For cat lovers, look no further than Japan’s ‘nekojima’ or cat islands. Tsunagu Japan listed Aoshima Island in Ehime as one of Japan’s most unusual places to visit, wherein cats are the main inhabitants. If you can't make it that far, All about Japan mentions at least 10 other cat islands in the country aside from Aoshima. You just need to visit one to get an idea of the sheer cat cuteness on offer.
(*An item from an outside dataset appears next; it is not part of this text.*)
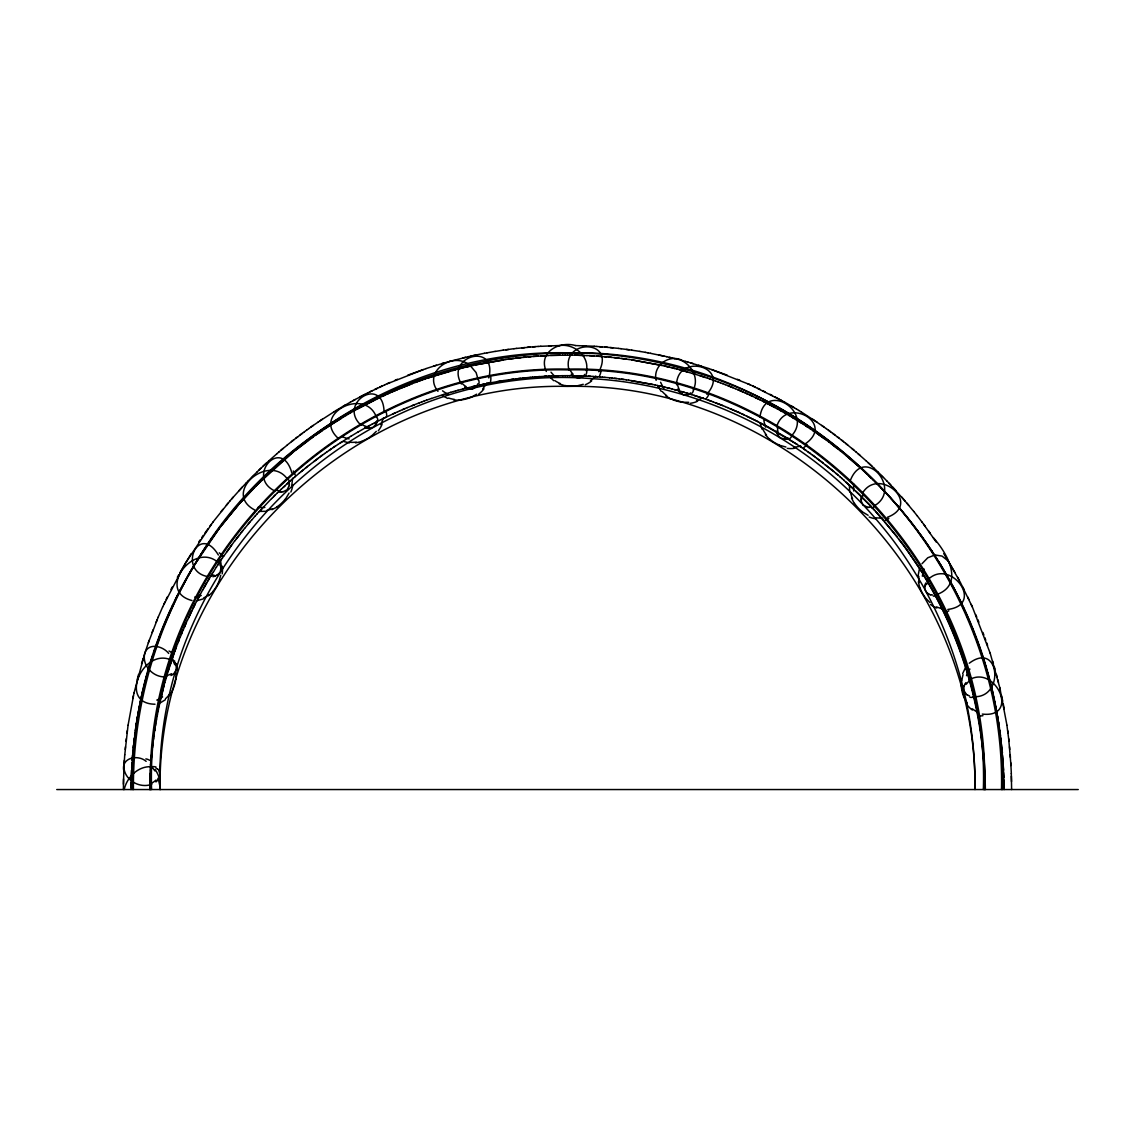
<?xml version="1.0" encoding="UTF-8"?>
<svg xmlns="http://www.w3.org/2000/svg" width="1135" height="1135" viewBox="0 0 1135 1135"><rect width="100%" height="100%" fill="white"/><g stroke="black" fill="none" stroke-linecap="round" stroke-linejoin="round"><path stroke-width="1.5" d="M123.417 789.549L123.502 778.908M1001.51 789.549C1005.638 599.535 869.311 418.361 685.611 369.613C503.798 315.005 293.397 397.69 196.823 561.002M1002.389 789.549C1008.831 555.611 801.48 347.438 567.543 352.815C333.605 347.438 126.255 555.611 132.71 789.549M983.364 789.549C990.628 565.102 791.932 364.704 567.457 369.882C342.997 364.704 144.287 565.102 151.565 789.549M984.584 789.549C991.649 564.634 792.485 363.924 567.543 369.116C342.6 363.924 143.436 564.634 150.515 789.549M131.036 789.549L131.49 770.14M150.061 789.549L149.962 780.327M131.05 787.137L131.135 782.313M149.777 789.549L149.806 787.25M123.445 784.228L124.013 765.543M150.132 784.952L150.231 773.361M131.192 779.887L132.909 750.434M150.317 778.014L150.629 766.338M123.8 770.892C120.92 757.542 137.917 754.179 146.16 761.358M376.877 420.659L376.65 422.348M150.629 771.034L151.154 759.301M124.055 765.543L124.736 754.818M131.674 767.7L131.972 762.791M124.212 762.862L124.382 760.18M849.391 485.61L849.774 492.164M151.054 764.011L151.565 754.576M132.142 760.322L132.525 755.385M918.158 575.445L919.322 569.344M124.765 754.818L128.056 725.251M924.755 586.582C924.642 587.419 924.77 589.434 925.479 590.711C958.564 651.334 975.76 720.498 974.979 789.549C977.59 572.551 784.427 381.53 567.5 386.397C350.573 381.53 157.424 572.551 160.021 789.549C152.643 559.385 362.689 359.795 592.144 378.693C703.672 384.935 811.326 439.742 881.98 526.271C899.09 546.659 913.462 569.188 926.557 592.271C927.267 593.038 928.132 593.648 929.083 594.087M151.608 756.96L152.033 749.852M132.738 752.916L133.405 745.468M125.219 749.455L125.46 746.759M759.911 417.269C764.692 380.495 814.121 411.948 791.45 435.883M152.047 752.235L152.289 747.483M133.206 747.951L136.796 720.455L142.925 690.137M175.897 679.368L176.053 672.516M126.013 741.382L126.311 738.701M152.544 747.497L152.842 742.73M152.799 745.128L153.452 737.963M134.015 740.488L134.313 737.991M961.288 679.61L961.075 685.512M153.381 740.361L154.119 733.182M126.964 733.309L127.319 730.628M134.625 735.494L134.952 732.997M154.019 735.593L154.842 728.4M861.082 497.243L860.94 499.159M135.306 730.486L135.661 727.989M128.071 725.251L133.987 693.045M154.715 730.812L155.623 723.605M136.044 725.478L136.427 722.967M155.467 726.031L156.46 718.795M289.042 485.894L287.084 489.752L282.955 491.866M136.838 720.441L139.605 705.317M374.295 423.085L381.303 419.453M156.275 721.236L157.368 713.986M157.141 716.426L158.332 709.162M220.772 575.289L218.842 581.985M158.063 711.602L159.354 704.338M140.13 702.778L140.655 700.252M132.838 698.394L133.419 695.712M159.056 706.793L160.432 699.515M141.208 697.727L141.776 695.188M134.001 693.045L144.798 653.278M160.106 701.969L164.05 685.015M291.78 485.496L292.575 478.261M383.46 417.879L380.892 424.674M142.343 692.662L149.806 664.784M776.681 426.689C785.619 396.072 836.041 422.674 805.212 443.884M161.213 697.131L164.703 682.589M488.802 377.955C497.754 341.38 444.565 356.12 461.434 384.056M143.563 687.583L146.869 674.914M137.179 679.695L138.569 674.389M124.197 789.549C126.921 776.95 138.938 765.146 152.473 766.877M586.384 371.003C589.746 356.064 573.686 343.21 559.512 345.579M925.039 584.936L925.72 583.021M164.915 682.632L165.384 680.177M144.798 653.207C141.52 665.706 153.835 678.148 166.278 676.786M165.582 680.22L166.774 675.339M147.578 672.374L148.302 669.834M166.263 677.808L167.498 672.927M141.563 663.791L143.152 658.527M149.054 667.309L162.22 629.471L177.911 594.74M167.696 672.97L168.987 668.104M168.42 670.558L173.825 653.632M150.586 662.258L153.012 654.654M169.938 665.734L176.45 646.425M144.812 653.263L149.238 640.225M477.835 383.786L477.111 385.446M153.863 652.128L154.715 649.603M962.664 673.566L965.303 667.976M148.316 642.821L158.233 617.085M155.594 647.078L158.332 639.516M850.597 479.835C864.728 445.175 902.822 489.455 874.39 505.756M964.069 685.781L963.743 690.307L966.268 694.152M174.861 651.277L177.358 644.027M144.939 652.767C148.955 642.169 163.199 646.326 168.689 653.434M152.09 632.45L153.069 629.882M159.269 636.976L162.206 629.443M177.542 644.07L179.231 639.232M178.465 641.686L180.181 636.848M180.351 636.891L182.153 632.067M156.119 622.179L157.169 619.625M163.213 626.931L165.299 621.966M181.33 634.508L183.161 629.698M158.233 617.071L162.645 606.955M183.317 629.741L186.268 622.576M166.348 619.44L170.775 609.523M184.338 627.371L187.346 620.207M376.125 423.937L373.188 427.257L368.676 428.25M162.645 606.941L185.516 562.974L212.912 522.171M187.502 620.249L191.772 610.772M163.795 604.444L164.958 601.947M188.58 617.894L195.277 603.749M171.91 607.012L173.059 604.544M166.121 599.45L167.313 596.953M289.099 493.058L285.523 499.003M175.443 599.62L186.991 577.743M193.078 608.488L196.468 601.422M170.959 589.519L172.208 587.065M172.506 690.775L169.413 695.585M179.131 592.257L185.601 580.113M196.61 601.479L202.683 589.86M486.858 383.077L482.687 388.979M197.816 599.152L200.285 594.527M598.869 371.755C616.418 338.67 560.662 338.868 569.061 370.28M177.358 577.318L178.677 574.906M202.825 589.916L206.613 582.979M862.543 493.03C878.873 466.187 922.485 503.869 887.414 517.29M180.011 572.508L191.233 553.639M186.949 577.701L192.539 568.167M204.116 587.618L209.294 578.439M693.23 389.844C700.338 376.636 688.874 360.008 674.701 358.646M188.311 575.289L193.957 565.783M964.793 684.263L965.97 682.589M208.074 580.765L213.451 571.657M193.915 565.741L218.97 528.853M210.784 576.225L212.174 573.97M213.564 571.714L216.288 567.188M216.416 567.245L220.417 560.08M217.849 565.017L222.162 558.321M158.673 778.993L160.148 774.595L158.744 770.466M922.003 563.712L927.763 557.767L934.956 554.958L942.036 556.093L948.207 561.016L960.238 582.198L972.355 606.941L990.202 653.278M207.677 544.403C159.028 616.192 132.767 702.835 133.405 789.549M198.668 542.133L200.2 539.863M584.837 374.38L583.887 375.557M222.276 558.377L223.666 556.122M207.478 544.687L218.913 528.797L238.421 504.876M201.746 537.607L203.293 535.365M223.779 556.178L234.619 540.998M204.868 533.138L208.06 528.726M226.83 551.823L231.512 545.339M209.649 526.512L211.266 524.327M682.702 360.646C669.366 353.354 652.54 365.598 656.129 380.324M212.898 522.143L229.838 501.088M234.718 541.054L242.876 530.471M236.335 538.926L239.627 534.713M222.318 524.342L238.35 504.805L259.575 482.276M241.287 532.613L244.564 528.385M221.211 511.445L222.914 509.345M244.649 528.456L249.728 522.228M476.189 386.78L472.5 389.177L467.904 388.965M226.347 505.174L228.078 503.117M248.083 524.327L251.473 520.185M376.309 431.371L371.4 436.11M229.823 501.06L233.356 497.016M231.583 499.017L242.351 487.071M251.559 520.256L255.006 516.155M240.209 502.691L253.573 488.22M255.091 516.212L256.794 514.155M595.747 376.21L590.441 380.736M256.879 514.212L258.596 512.155M706.793 394.242C731.706 366.392 677.07 352.559 676.573 384.822M238.705 490.987L246.011 483.184M212.671 592.03L208.5 595.832M258.666 512.226L271.563 498.549M157.467 780.525L155.935 781.93M260.482 510.239L262.313 508.267M245.997 483.155L247.856 481.268M247.841 481.226L251.573 477.452M255.531 486.206L293.057 452.241M251.559 477.424L253.445 475.565M291.837 472.813C281.409 435.854 245.614 476.828 274.755 490.916M271.634 498.606L277.309 492.902M253.431 475.537L257.219 471.834M928.302 579.332C950.506 557.838 985.251 604.643 947.824 609.452M273.535 496.719L275.436 494.832M261.504 480.219L267.59 474.359M257.205 471.791L261.064 468.131M259.12 469.947L268.896 460.853M277.366 492.959L281.196 489.185M262.98 466.258L266.895 462.612M281.253 489.256L289.113 481.935M174.322 673.367L176.833 669.48L176.535 665.181M269.633 472.43L290.801 453.915L313.132 436.947M283.211 487.412L285.183 485.596M268.882 460.81L276.926 453.73M287.169 483.78L291.127 480.148M969.262 663.237C999.807 640.239 1005.085 698.734 973.291 696.677M291.17 480.204L293.142 478.374M293.185 478.445L295.171 476.629M276.912 453.688L278.969 451.971M295.214 476.686L299.257 473.153M278.955 451.929L287.254 445.062M281.012 450.184L283.069 448.453M690.69 392.88L689.356 393.817M299.3 473.21L307.571 466.372M301.357 471.493L303.428 469.791M287.24 445.019L293.61 439.997M305.514 468.102L309.671 464.712M165.284 699.798L160.319 702.82M295.171 450.382L308.521 440.139M291.468 441.628L304.421 431.797M309.699 464.768L322.482 455.064M295.724 438.294L297.881 436.634M313.927 461.505L318.197 458.285M300.037 434.989L302.222 433.371M304.407 431.754L306.62 430.193M320.354 456.696L324.653 453.503M306.606 430.137L308.834 428.59M310.777 438.493L322.297 430.562M308.805 428.548L313.274 425.441M324.667 453.56L326.823 451.957M311.033 426.973L317.772 422.348M315.331 435.23L329.264 425.923M326.852 452.014L331.207 448.907M329.036 450.481L335.62 445.927M582.482 376.749L578.325 378.097L573.955 376.721M476.672 394.2L470.741 397.534M317.757 422.305L333.846 411.92M333.42 447.474L337.833 444.452M320.027 420.773L322.297 419.255M324.525 428.888L341.039 418.517M702.693 397.747L696.464 400.74M337.847 444.509L351.297 435.953M340.074 443.061L342.302 441.614M376.394 417.098C365.101 386.524 310.891 414.048 338.457 438.55M172.69 674.616L170.988 675.524M331.519 424.306L343.423 417.084M276.954 507.118L271.903 509.7M333.832 411.877L336.187 410.487M336.173 410.43L338.542 409.068M351.311 436.01L358.135 431.91M338.528 409.011L340.897 407.649M343.337 416.985L345.806 415.68M340.883 407.607L350.417 402.159M345.721 415.566L348.19 414.275M343.252 406.216L345.622 404.826M969.276 679.837C995.594 664.301 1020.166 718.341 982.314 714.099M348.105 414.161L350.587 412.885M358.135 431.967L365.03 428.008M350.502 412.771L355.411 410.175M350.403 402.116L355.241 399.506M355.326 410.061L379.856 397.576M365.03 428.065L369.641 425.483M352.815 400.783L364.988 394.356M357.738 408.728L374.834 399.846M367.329 426.803L371.968 424.249M216.757 575.445L220.147 572.324L220.984 568.082M360.079 396.853L367.442 393.107M371.968 424.306L376.621 421.823M367.428 393.065L384.864 384.793M369.897 391.83L372.365 390.61M381.303 419.51L385.999 417.141M383.644 418.347L395.462 412.729M377.288 398.64L384.808 395.264M374.848 389.404L377.331 388.213M382.24 396.299L389.773 393.008M379.828 387.035L382.339 385.886M393.065 413.878L397.832 411.665M788.229 438.11L786.583 438.706M387.191 394.001L397.25 389.759M384.85 384.737L423.341 369.556M387.376 383.616L389.901 382.495M397.817 411.721L400.201 410.615M392.171 391.788L409.792 384.68M400.187 410.686L404.968 408.572M203.208 598.925L197.561 600.543M402.57 409.65L407.366 407.578M394.98 380.324L397.52 379.26M399.662 388.581L412.303 383.715M407.337 407.635L414.545 404.67M412.119 405.677L419.34 402.812M407.777 375.16L425.951 368.662M412.218 383.587L417.354 381.828M419.312 402.868L421.752 401.918M151.735 784.299C140.187 788.669 125.389 780.767 123.942 768.168M421.723 401.974L424.149 401.024M417.254 381.701L419.865 380.92M424.121 401.081L426.561 400.144M583.262 384.297L576.58 385.999M800.785 446.083L793.706 447.488M419.78 380.792L422.39 380.012M426.533 400.215L431.385 398.456M687.767 394.554L683.327 394.753L679.567 392.341M422.305 379.885L424.93 379.133M424.83 379.005L435.06 375.77M431.357 398.513L443.487 394.498M427.37 378.139L455.362 369.84M425.951 368.605L436.45 365.286M214.941 576.211L212.855 576.708M361.015 441.714L355.454 442.891M433.811 366.052L449.659 361.427M437.5 374.848L450.184 371.088M443.445 394.554L445.899 393.746M445.856 393.802L450.751 392.313M441.714 363.626L444.352 362.859M450.709 392.37L453.177 391.603M453.12 391.674L455.589 390.922M455.546 390.979L458.015 390.256M449.644 361.37L468.287 356.731M452.723 370.393L462.981 367.896M457.973 390.327L462.867 388.979M457.802 369.045L470.585 366.08L476.104 372.55L478.36 380.239M462.81 389.035L467.719 387.744M465.237 388.411L479.821 384.964M462.952 357.922L465.62 357.284M465.421 367.144L473.125 365.513M936.418 594.712C965.36 584.44 946.931 552.717 933.254 537.607M472.5 386.652L474.927 386.084M468.287 356.674L476.317 354.971M470.968 356.064L484.361 353.297M473.04 365.385L503.443 359.923M475.565 364.832L505.955 359.554M479.764 385.02L491.909 382.552M482.176 384.51L489.426 383.062M484.361 353.354L487.043 352.801M487.043 352.857L495.115 351.382M491.838 382.608L503.94 380.523M496.662 381.757L501.471 380.963M495.115 351.453L503.174 350.133M870.545 507.075L868.871 507.203M503.869 380.58L508.75 379.814M503.174 350.19L513.942 348.686M265.945 511.303L260.014 511.388M505.855 359.412L513.474 358.546M508.664 379.87L513.531 379.161M505.869 349.807L508.551 349.438M508.366 359.057L520.965 357.681M511.062 379.53L515.928 378.849M515.843 378.906L523.079 378.026M513.942 348.757L516.624 348.374M515.886 358.107L525.945 357.17M518.227 378.622L520.61 378.338M516.624 348.431L535.45 346.601M522.994 378.083L525.448 377.771M155.013 704.225C117.699 703.771 143.223 646.78 171.527 660.159M522.001 347.849L524.696 347.58M523.363 357.284L530.91 356.731M525.363 377.841L530.201 377.317M527.378 347.324L530.073 347.097M528.328 356.801L545.694 355.737M530.116 377.387L532.57 377.118M688.775 402.315L681.908 402.258M882.647 518.269L875.525 517.801M532.471 377.175L534.926 376.919M532.755 346.87L538.132 346.416M533.28 356.39L538.217 356.021M534.84 376.99L539.65 376.579M537.195 376.806L546.687 376.167M784.838 438.99L780.525 438.053L777.489 434.719M538.118 346.487L540.813 346.246M540.686 355.865L548.148 355.61M540.799 346.317L559.527 345.522M544.247 376.352L549.028 376.054M280.998 492.122L278.997 492.051M548.049 355.482L560.321 355.241M548.929 376.125L551.355 375.969M459.249 400.286L453.546 399.988M548.829 345.905L551.511 345.806M550.489 355.383L562.733 355.212M551.255 376.026L562.96 375.671M553.582 375.94L558.236 375.813M562.634 355.071L565.145 355.198M562.846 375.728L565.258 375.657M565.046 355.056L567.557 355.184M565.159 375.713L567.557 375.642M56.75 789.549L1078.25 789.549M567.457 355.042L569.969 355.198M567.457 375.713L569.869 375.657M569.869 355.056L572.38 355.212M569.756 375.713L572.168 375.671M572.281 355.071L584.525 355.51M572.054 375.728L581.432 375.884M575.488 345.522C558.576 340.812 537.862 352.659 546.318 371.471M574.707 355.113L586.979 355.61M575.473 345.579L594.201 346.246M576.679 375.813L583.773 375.969M583.475 345.806L586.157 345.905M583.66 376.026L586.1 376.054M585.986 376.125L593.137 376.437M586.88 355.482L601.734 356.518M589.32 355.595L594.243 355.865M588.327 376.224L590.668 376.352M594.187 346.317L596.882 346.416M593.009 376.494L597.833 376.749M596.868 346.487L612.999 347.778M596.698 356.021L606.686 356.943M595.364 376.636L600.202 376.919M599.55 346.672L602.231 346.87M600.074 376.99L602.557 377.118M932.615 595.01L930.728 594.683M604.118 356.589L611.666 357.411M602.43 377.175L604.927 377.317M604.927 347.097L607.608 347.324M604.799 377.387L609.679 377.771M609.069 357.028L619.142 358.249M610.289 347.58L618.376 348.374M609.538 377.841L612.049 378.026M614.049 357.539L626.648 359.199M611.921 378.083L616.816 378.565M614.305 378.338L619.199 378.849M349.424 442.905L343.423 441.416M618.362 348.431L621.072 348.686M621.058 348.757L629.145 349.75M621.54 358.405L629.159 359.554M619.072 378.906L623.98 379.473M621.455 379.218L626.378 379.814M626.435 349.438L631.826 350.133M629.06 359.412L659.449 364.959M626.236 379.87L628.776 380.154M631.812 350.19L639.899 351.382M631.571 359.781L661.989 365.513M628.634 380.211L655.306 384.964M631.046 380.58L652.724 384.51M191.985 600.514C156.02 591.236 193.12 541.693 217.565 561.995M639.885 351.453L645.276 352.304M208.159 576.679C176.847 571.288 198.483 521.887 218.374 555.015M785.917 447.02L779.334 445.19M645.262 352.375L647.957 352.801M943.029 609.169L936.361 606.885M647.943 352.857L650.639 353.297M650.625 353.354L666.713 356.674M867.14 507.033L863.125 504.962M366.903 428.023L364.789 427.398M658.669 354.971L664.018 356.12M655.15 385.02L657.718 385.489M657.562 385.545L662.57 386.595M661.889 365.385L669.607 367.272M564.776 385.673L559.215 383.857M664.429 365.952L674.687 368.52M659.988 386.084L664.982 387.163M666.699 356.731L672.062 357.922M669.366 357.355L674.715 358.589M664.826 387.219L669.834 388.354M672.034 367.754L677.226 369.173M667.252 387.815L672.26 388.979M677.113 369.045L687.37 371.94M672.09 389.035L677.113 390.256M679.652 369.712L694.989 374.195M674.516 389.674L679.524 390.922M682.688 360.703L685.356 361.37M685.341 361.427L688.009 362.108M679.368 390.979L684.377 392.313M687.98 362.164L693.301 363.626M681.78 391.674L691.641 394.498M690.633 362.916L709.063 368.605M692.35 373.287L705.133 377.416M686.632 393.079L703.728 398.456M698.55 365.286L701.175 366.108M699.955 375.642L707.658 378.267M693.896 395.32L706.154 399.293M709.034 368.662L727.237 375.16M707.559 378.139L710.198 379.133M711.645 369.556L750.15 384.737M710.084 379.005L712.723 380.012M712.624 379.885L715.249 380.92M705.97 399.35L710.964 401.024M969.503 695.968L967.644 695.117M715.149 380.792L717.774 381.828M708.382 400.215L713.376 401.918M717.66 381.701L720.299 382.765M720.186 382.637L722.811 383.715M713.191 401.974L722.981 405.621M722.711 383.587L725.322 384.68M715.603 402.868L725.378 406.585M725.222 384.552L732.855 387.673M447.587 398.413L442.097 395.406M727.734 385.531L735.367 388.709M725.18 406.656L727.762 407.578M737.466 379.317L740.006 380.381M727.578 407.635L739.665 412.729M735.267 388.581L742.857 391.916M737.764 389.631L747.837 394.129M729.961 408.628L744.404 414.913M254.552 509.899C221.921 492.491 268.74 452.865 287.439 479.098M747.61 383.658L755.172 387.035M745.241 392.894L752.789 396.413M752.647 385.928L782.171 400.825M750.207 395.136L757.74 398.768M741.836 413.878L758.492 421.823M868.091 515.276L862.33 511.842M757.641 388.269L760.138 389.447M746.56 416.077L767.785 426.732L788.343 438.72M977.831 712.596L972.213 708.793M755.158 397.463L760.195 399.974M762.621 390.653L765.089 391.873M760.095 399.846L765.103 402.414M762.55 401.066L774.864 407.522M466.258 388.298L464.499 387.205M770.041 394.313L772.481 395.576M767.444 403.549L777.291 408.841M670.473 398.853L665.649 395.718M760.62 423.085L797.295 444.452M774.921 396.853L784.569 402.159M777.177 408.728L784.526 412.885M779.603 410.061L782.015 411.409M784.597 402.116L794.103 407.649M156.006 768.125L157.595 769.232M784.413 412.771L786.924 414.275M786.81 414.161L789.307 415.68M791.762 406.216L796.458 409.068M789.208 415.566L794.074 418.517M791.592 416.985L801.168 422.915M796.486 409.011L798.799 410.487M798.827 410.43L801.14 411.92M796.344 419.865L803.509 424.405M801.168 411.877L817.214 422.348M790.371 440.196L801.721 447.403M803.396 424.306L810.503 429.002M805.736 425.809L808.063 427.342M812.703 419.255L826.167 428.59M799.281 445.984L806.12 450.425M810.39 428.888L815.114 432.137M812.703 430.449L824.251 438.592M803.693 448.963L810.475 453.503M821.74 425.398L823.967 426.973M817.313 433.613L826.507 440.238M808.063 452.014L814.802 456.625M826.195 428.548L830.579 431.797M812.405 455.121L823.343 463.066M828.408 430.137L839.247 438.337M553.766 380.707L549.34 376.494M826.408 440.139L828.763 441.912M832.792 433.371L834.963 434.989M816.718 458.285L833.799 471.436M828.649 441.813L831.004 443.601M830.891 443.501L839.857 450.481M837.119 436.634L843.518 441.671M833.118 445.19L837.545 448.637M470.628 366.123C454.199 349.963 421.837 371.613 437.968 391.334M841.418 439.954L847.731 445.062M825.216 464.768L837.914 474.884M839.744 450.382L846.398 455.802M845.66 443.317L856.017 451.971M361.058 425.199C337.01 403.209 383.545 374.451 384.084 412.431M846.284 455.702L859.167 466.811M851.931 448.453L854.002 450.184M835.615 473.21L839.957 476.629M848.441 457.504L861.266 468.698M929.962 602.586L925.238 597.705M856.045 451.929L866.104 460.853M839.701 476.686L841.986 478.374M858.088 453.688L860.117 455.447M841.73 478.445L844 480.148M843.745 480.204L853.931 489.185M845.745 481.992L861.649 496.648M866.133 460.81L873.936 468.131M861.139 468.613L863.338 470.599M769.246 439.004L765.359 434.719M572.451 375.557L571.203 374.209M868.105 462.612L872.02 466.258M863.224 470.514L873.539 480.304M865.281 472.43L867.339 474.359M873.95 468.102L877.766 471.834M855.606 491.1L871.042 506.253M869.382 476.303L871.41 478.246M877.795 471.791L881.554 475.565M873.425 480.219L875.539 482.276M174.563 662.258L175.726 663.663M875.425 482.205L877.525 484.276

It’s also good to know that vets and caretakers regularly monitor the locations, so the furry felines are treated with the love and care they deserve. After all, cats are signs of good luck in the eyes of the Japanese. The ‘beckoning cat’ figurine or ‘Chinese lucky cat’ actually originated in Japan. It just so happened that Chinese merchants often used them as well in their shops to watch over them.

4. Feed the friendliest deer in the world

Nara is Japan's old capital, but beyond its UNESCO recognised heritage, Nara Park is where you should be heading for an afternoon with Bambi's Japanese relatives. Deer used to be considered sacred, and even today they are designated national treasures, so treat them with all the care and respect they deserve. The deer in Nara Park are wild, but all incredibly friendly and looking for crackers and food - so go prepared. 

5. Visit Tokyo's owl cafes

Fukuro, or owl cafes are all the rage in Japan, and you can find many of them in Tokyo. Most cafes let you pet them, perch them on your arm, or just enjoy their company, but as always, make sure you treat the fuzzballs with respect and care! Most cafes are incredibly busy, so make sure you book in advance to avoid disappointment. 

One of the many beautiful things about Japan is their respect for all animals - from the owls they drink tea with to the animals roaming freely in Japan's beautiful wildlife. It's definitely not just Hello Kitty they care about!